* _WORK REQUIRED_: Could you return all of the entries word for word, minus any pictures?

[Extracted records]

══════

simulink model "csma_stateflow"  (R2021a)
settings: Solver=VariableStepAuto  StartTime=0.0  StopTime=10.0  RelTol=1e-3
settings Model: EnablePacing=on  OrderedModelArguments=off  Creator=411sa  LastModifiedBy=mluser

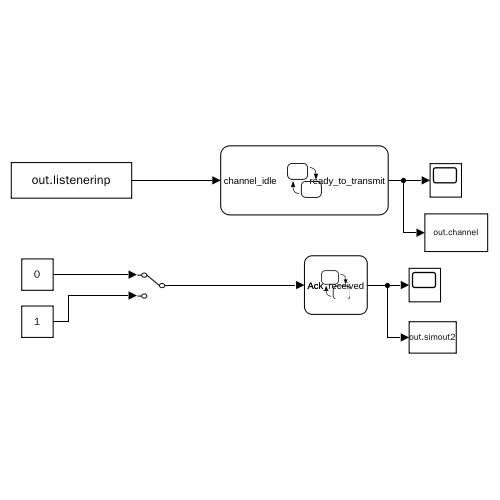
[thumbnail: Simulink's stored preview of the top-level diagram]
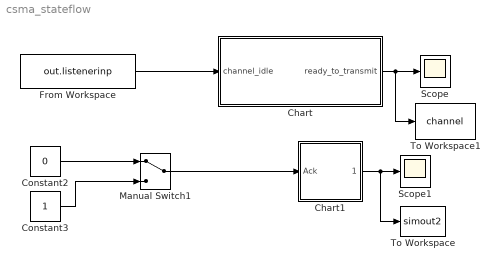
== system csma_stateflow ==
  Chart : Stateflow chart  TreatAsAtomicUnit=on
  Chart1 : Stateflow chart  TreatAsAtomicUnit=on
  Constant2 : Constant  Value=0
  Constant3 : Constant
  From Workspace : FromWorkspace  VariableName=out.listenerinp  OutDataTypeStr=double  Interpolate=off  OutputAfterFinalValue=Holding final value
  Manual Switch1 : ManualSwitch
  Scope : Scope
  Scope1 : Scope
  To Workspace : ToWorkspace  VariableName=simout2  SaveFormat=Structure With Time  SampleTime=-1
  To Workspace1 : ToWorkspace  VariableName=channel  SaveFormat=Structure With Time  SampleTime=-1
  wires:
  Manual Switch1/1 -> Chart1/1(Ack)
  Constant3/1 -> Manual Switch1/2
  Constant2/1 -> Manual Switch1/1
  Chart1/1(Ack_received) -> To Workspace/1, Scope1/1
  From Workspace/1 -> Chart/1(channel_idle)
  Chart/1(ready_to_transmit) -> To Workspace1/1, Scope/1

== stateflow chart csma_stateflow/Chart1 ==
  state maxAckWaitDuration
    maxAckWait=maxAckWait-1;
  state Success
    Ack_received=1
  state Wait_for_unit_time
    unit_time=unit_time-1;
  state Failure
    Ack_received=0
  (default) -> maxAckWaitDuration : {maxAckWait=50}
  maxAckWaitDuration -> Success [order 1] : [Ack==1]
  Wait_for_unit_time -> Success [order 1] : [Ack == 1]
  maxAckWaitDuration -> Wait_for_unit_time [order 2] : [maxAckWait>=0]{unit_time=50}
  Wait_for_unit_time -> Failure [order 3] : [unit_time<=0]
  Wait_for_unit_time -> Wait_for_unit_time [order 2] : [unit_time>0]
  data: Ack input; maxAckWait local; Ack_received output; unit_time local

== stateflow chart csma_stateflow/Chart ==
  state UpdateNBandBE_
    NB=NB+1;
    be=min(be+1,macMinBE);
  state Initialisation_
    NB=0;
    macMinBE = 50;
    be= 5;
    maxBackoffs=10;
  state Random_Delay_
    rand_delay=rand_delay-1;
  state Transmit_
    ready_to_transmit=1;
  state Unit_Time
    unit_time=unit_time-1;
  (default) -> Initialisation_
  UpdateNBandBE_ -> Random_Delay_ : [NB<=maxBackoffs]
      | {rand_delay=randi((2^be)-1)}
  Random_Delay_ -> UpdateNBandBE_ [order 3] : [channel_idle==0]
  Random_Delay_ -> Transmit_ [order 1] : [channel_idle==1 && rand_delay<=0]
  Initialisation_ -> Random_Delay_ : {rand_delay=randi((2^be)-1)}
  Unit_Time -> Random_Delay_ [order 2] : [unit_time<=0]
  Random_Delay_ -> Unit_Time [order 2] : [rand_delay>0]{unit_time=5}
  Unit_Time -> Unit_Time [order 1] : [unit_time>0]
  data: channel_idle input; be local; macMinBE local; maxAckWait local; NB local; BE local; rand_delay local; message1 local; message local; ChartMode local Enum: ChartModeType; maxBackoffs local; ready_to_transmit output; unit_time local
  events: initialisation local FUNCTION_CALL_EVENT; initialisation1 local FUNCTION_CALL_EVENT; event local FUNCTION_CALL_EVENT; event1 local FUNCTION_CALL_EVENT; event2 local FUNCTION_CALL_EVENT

══════

* _TASK OUTPUT_:
simulink model "csma_stateflow"  (R2021a)
settings: Solver=VariableStepAuto  StartTime=0.0  StopTime=10.0  RelTol=1e-3
settings Model: EnablePacing=on  OrderedModelArguments=off  Creator=411sa  LastModifiedBy=mluser

[thumbnail: Simulink's stored preview of the top-level diagram]
== system csma_stateflow ==
  Chart : Stateflow chart  TreatAsAtomicUnit=on
  Chart1 : Stateflow chart  TreatAsAtomicUnit=on
  Constant2 : Constant  Value=0
  Constant3 : Constant
  From Workspace : FromWorkspace  VariableName=out.listenerinp  OutDataTypeStr=double  Interpolate=off  OutputAfterFinalValue=Holding final value
  Manual Switch1 : ManualSwitch
  Scope : Scope
  Scope1 : Scope
  To Workspace : ToWorkspace  VariableName=simout2  SaveFormat=Structure With Time  SampleTime=-1
  To Workspace1 : ToWorkspace  VariableName=channel  SaveFormat=Structure With Time  SampleTime=-1
  wires:
  Manual Switch1/1 -> Chart1/1(Ack)
  Constant3/1 -> Manual Switch1/2
  Constant2/1 -> Manual Switch1/1
  Chart1/1(Ack_received) -> To Workspace/1, Scope1/1
  From Workspace/1 -> Chart/1(channel_idle)
  Chart/1(ready_to_transmit) -> To Workspace1/1, Scope/1

== stateflow chart csma_stateflow/Chart1 ==
  state maxAckWaitDuration
    maxAckWait=maxAckWait-1;
  state Success
    Ack_received=1
  state Wait_for_unit_time
    unit_time=unit_time-1;
  state Failure
    Ack_received=0
  (default) -> maxAckWaitDuration : {maxAckWait=50}
  maxAckWaitDuration -> Success [order 1] : [Ack==1]
  Wait_for_unit_time -> Success [order 1] : [Ack == 1]
  maxAckWaitDuration -> Wait_for_unit_time [order 2] : [maxAckWait>=0]{unit_time=50}
  Wait_for_unit_time -> Failure [order 3] : [unit_time<=0]
  Wait_for_unit_time -> Wait_for_unit_time [order 2] : [unit_time>0]
  data: Ack input; maxAckWait local; Ack_received output; unit_time local

== stateflow chart csma_stateflow/Chart ==
  state UpdateNBandBE_
    NB=NB+1;
    be=min(be+1,macMinBE);
  state Initialisation_
    NB=0;
    macMinBE = 50;
    be= 5;
    maxBackoffs=10;
  state Random_Delay_
    rand_delay=rand_delay-1;
  state Transmit_
    ready_to_transmit=1;
  state Unit_Time
    unit_time=unit_time-1;
  (default) -> Initialisation_
  UpdateNBandBE_ -> Random_Delay_ : [NB<=maxBackoffs]
      | {rand_delay=randi((2^be)-1)}
  Random_Delay_ -> UpdateNBandBE_ [order 3] : [channel_idle==0]
  Random_Delay_ -> Transmit_ [order 1] : [channel_idle==1 && rand_delay<=0]
  Initialisation_ -> Random_Delay_ : {rand_delay=randi((2^be)-1)}
  Unit_Time -> Random_Delay_ [order 2] : [unit_time<=0]
  Random_Delay_ -> Unit_Time [order 2] : [rand_delay>0]{unit_time=5}
  Unit_Time -> Unit_Time [order 1] : [unit_time>0]
  data: channel_idle input; be local; macMinBE local; maxAckWait local; NB local; BE local; rand_delay local; message1 local; message local; ChartMode local Enum: ChartModeType; maxBackoffs local; ready_to_transmit output; unit_time local
  events: initialisation local FUNCTION_CALL_EVENT; initialisation1 local FUNCTION_CALL_EVENT; event local FUNCTION_CALL_EVENT; event1 local FUNCTION_CALL_EVENT; event2 local FUNCTION_CALL_EVENT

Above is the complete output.